Some lines in the material below hold the word "color". Copy all of them.

Task input —
--*--
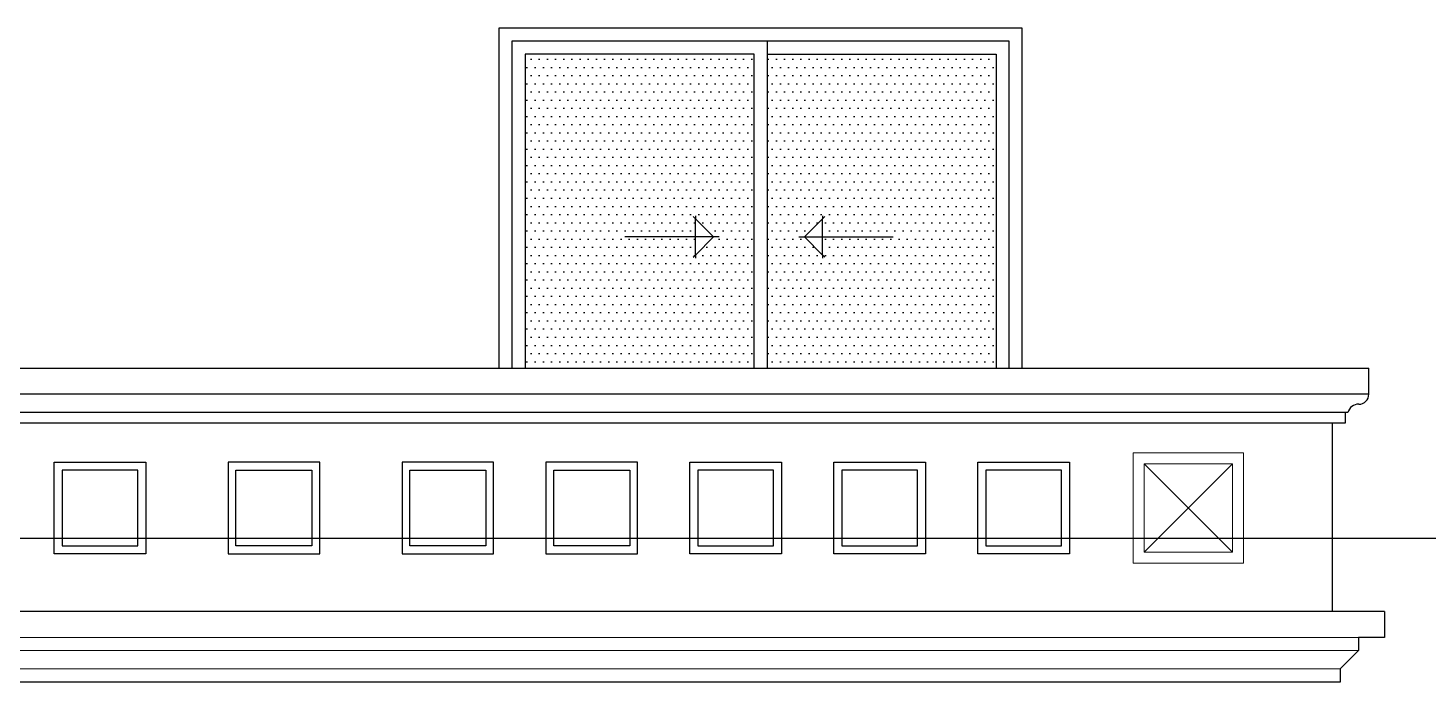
# Model space of a CAD drawing. Extents: x 185 to 567, y -69 to 170.
# Drawn here: x 309.08 to 314.43, y -33.64 to -31.14 of the extents above; entities that cross this region are included whole.
import ezdxf

# ---------------------------------------------------------------- set-up
doc = ezdxf.new("R2010")
doc.units = 0
doc.header["$LTSCALE"] = 0.25
doc.header["$MEASUREMENT"] = 0
doc.layers.get('0').update_dxf_attribs({"linetype": 'CONTINUOUS'})
for name, color, linetype in [('A-DIM-IN', 8, 'CONTINUOUS'), ('A-ELV 6', 71, 'CONTINUOUS'), ('A-groves', 8, 'CONTINUOUS'), ('A-WIN', 3, 'CONTINUOUS'), ('A-WIN HAT', 125, 'CONTINUOUS')]:
    doc.layers.add(name, color=color, linetype=linetype)
doc.layers.add('A-KORNISH', color=8, linetype='CONTINUOUS', lineweight=9)

# ---------------------------------------------------------------- blocks, each defined once
blk = doc.blocks.new('A$C5D9A0A75')
at = {"color": 8}
for p, q in [((-0.2424, -0.5809), (-0.251, -0.5723)), ((-0.2424, -0.5687), (-0.2424, -0.5809)), ((0.2424, -0.5687), (0.2424, -0.5809)), ((0.2424, -0.5809), (0.251, -0.5723)), ((-0.1517, -0.65), (-0.1733, -0.65)), ((0.1517, -0.65), (0.1733, -0.65)), ((-0.251, -0.7277), (-0.2424, -0.7191)), ((-0.2424, -0.7191), (-0.2424, -0.7313)), ((0.2424, -0.7191), (0.2424, -0.7313)), ((0.251, -0.7277), (0.2424, -0.7191))]:
    blk.add_line(p, q, dxfattribs=at)
for p, q in [((-0.1733, -0.65), (-0.5132, -0.65)), ((0.1733, -0.65), (0.5132, -0.65))]:
    blk.add_line(p, q)
at = {"elevation": 0}
for points in [[(-0.2424, -0.5809), (-0.1733, -0.65), (-0.2424, -0.7191), (-0.2424, -0.5809)], [(0.2424, -0.5809), (0.1733, -0.65), (0.2424, -0.7191), (0.2424, -0.5809)]]:
    blk.add_lwpolyline(points, dxfattribs=at)

msp = doc.modelspace()

# ---------------------------------------------------------------- hatches: boundary and pattern name
at = {"layer": 'A-WIN HAT'}
h = msp.add_hatch(dxfattribs=at)
h.set_pattern_fill('DOTS', color=256, scale=0.5, style=0)
h.set_pattern_definition([(0, (388.108808, -181.223684), (0.015625, 0.03125), [0, -0.03125])])
h.paths.add_polyline_path([(311.8515, -31.2357), (310.9765, -31.2357), (310.9765, -32.4356), (311.8515, -32.4356)])
h.paths.add_polyline_path([(311.6283, -31.8655), (311.6973, -31.9345), (311.6283, -32.0036)], flags=16)
h.paths.add_polyline_path([(312.7765, -31.2357), (311.9015, -31.2357), (311.9015, -32.4356), (312.7765, -32.4356)])
h.paths.add_polyline_path([(312.113, -31.8655), (312.113, -32.0036), (312.0439, -31.9345)], flags=16)

# ---------------------------------------------------------------- linework, layer by layer
at = {"layer": 'A-DIM-IN'}
for p, q in [((314.2015, -32.5356), (305.8315, -32.5356)), ((314.1115, -32.6056), (305.9267, -32.6056)), ((313.6801, -33.1391), (313.3429, -32.802)), ((313.6801, -32.802), (313.3429, -33.1391))]:
    msp.add_line(p, q, dxfattribs=at)
at = {"layer": 'A-DIM-IN', "elevation": 0}
for points in [[(309.1768, -32.7955), (309.5268, -32.7956), (309.5268, -33.1455), (309.1768, -33.1455)], [(310.1915, -32.7955), (309.8415, -32.7956), (309.8415, -33.1455), (310.1915, -33.1455)], [(310.8562, -32.7955), (310.5062, -32.7956), (310.5062, -33.1455), (310.8562, -33.1455)], [(311.4064, -32.7955), (311.0564, -32.7956), (311.0564, -33.1455), (311.4064, -33.1455)], [(311.6066, -32.7955), (311.9566, -32.7956), (311.9566, -33.1455), (311.6066, -33.1455)], [(312.1568, -32.7955), (312.5068, -32.7956), (312.5068, -33.1455), (312.1568, -33.1455)], [(312.707, -32.7955), (313.057, -32.7956), (313.057, -33.1455), (312.707, -33.1455)], [(309.4968, -32.8256), (309.2068, -32.8256), (309.2068, -33.1155), (309.4968, -33.1155)], [(309.8715, -32.8256), (310.1615, -32.8256), (310.1615, -33.1155), (309.8715, -33.1155)], [(310.5362, -32.8256), (310.8262, -32.8256), (310.8262, -33.1155), (310.5362, -33.1155)], [(311.0864, -32.8256), (311.3764, -32.8256), (311.3764, -33.1155), (311.0864, -33.1155)], [(311.9266, -32.8256), (311.6366, -32.8256), (311.6366, -33.1155), (311.9266, -33.1155)], [(312.4768, -32.8256), (312.1868, -32.8256), (312.1868, -33.1155), (312.4768, -33.1155)], [(313.027, -32.8256), (312.737, -32.8256), (312.737, -33.1155), (313.027, -33.1155)]]:
    msp.add_lwpolyline(points, close=True, dxfattribs=at)
at = {"layer": 'A-ELV 6'}
for p, q in [((305.8315, -32.4356), (314.2015, -32.4356)), ((314.2015, -32.5356), (314.2015, -32.4355)), ((314.1215, -32.6055), (314.1115, -32.6056)), ((314.1115, -32.6056), (314.1115, -32.6455)), ((314.1115, -32.6056), (314.1115, -32.6456)), ((314.1215, -32.6056), (314.1115, -32.6056)), ((314.1115, -32.6456), (305.9215, -32.6456)), ((314.0615, -32.6455), (314.0615, -33.3656)), ((314.2615, -33.3656), (305.7715, -33.3656)), ((314.0915, -33.6356), (305.9415, -33.6356))]:
    msp.add_line(p, q, dxfattribs=at)
at = {"layer": 'A-ELV 6', "elevation": 0}
msp.add_lwpolyline([(314.2615, -33.3656), (314.2615, -33.4656), (314.1615, -33.4656), (314.1615, -33.5156), (314.0915, -33.5856), (314.0915, -33.6356)], dxfattribs=at)
at = {"layer": 'A-ELV 6'}
for centre, radius, start, end in [((314.1607, -32.6139, 0), 0.0401, 86.8782, 168.022), ((314.1607, -32.6139, 0), 0.0401, 86.8782, 168.022), ((314.1625, -32.5348, 0), 0.039, 270.6838, 358.8359), ((314.1625, -32.5348, 0), 0.039, 270.6838, 358.8359)]:
    msp.add_arc(centre, radius, start, end, dxfattribs=at)
at = {"layer": 'A-groves'}
msp.add_line((300.1015, -33.0857), (327.5015, -33.0857), dxfattribs=at)
at = {"layer": 'A-KORNISH'}
for p, q in [((314.1615, -33.4656), (305.7715, -33.4656)), ((314.1615, -33.5156), (305.8715, -33.5156)), ((314.0915, -33.5856), (305.9415, -33.5856))]:
    msp.add_line(p, q, dxfattribs=at)
at = {"layer": 'A-KORNISH', "elevation": 0}
for points in [[(313.3008, -33.1813), (313.7222, -33.1813), (313.7222, -32.7598), (313.3008, -32.7598)], [(313.3429, -33.1391), (313.6801, -33.1391), (313.6801, -32.802), (313.3429, -32.802)]]:
    msp.add_lwpolyline(points, close=True, dxfattribs=at)
at = {"layer": 'A-WIN', "elevation": 0}
for points in [[(312.8765, -32.4357), (312.8765, -31.1357), (310.8765, -31.1357), (310.8765, -32.4356)], [(312.8265, -32.4357), (312.8265, -31.1857), (310.9265, -31.1857), (310.9265, -32.4356)], [(311.9015, -31.1857), (311.9015, -32.4357)], [(311.8515, -32.4357), (311.8515, -31.2357), (310.9765, -31.2357), (310.9765, -32.4357)], [(311.9015, -31.2357), (312.7765, -31.2357), (312.7765, -32.4357)]]:
    msp.add_lwpolyline(points, dxfattribs=at)

# ---------------------------------------------------------------- block references
at = {"layer": 'A-WIN', "extrusion": (0, 0, -1), "zscale": -1}
msp.add_blockref('A$C5D9A0A75', (-311.8706, -31.2845, 0), dxfattribs=at)

doc.saveas('drawing.dxf')
--*--
Task output —
for name, color, linetype in [('A-DIM-IN', 8, 'CONTINUOUS'), ('A-ELV 6', 71, 'CONTINUOUS'), ('A-groves', 8, 'CONTINUOUS'), ('A-WIN', 3, 'CONTINUOUS'), ('A-WIN HAT', 125, 'CONTINUOUS')]:
    doc.layers.add(name, color=color, linetype=linetype)
doc.layers.add('A-KORNISH', color=8, linetype='CONTINUOUS', lineweight=9)
at = {"color": 8}
h.set_pattern_fill('DOTS', color=256, scale=0.5, style=0)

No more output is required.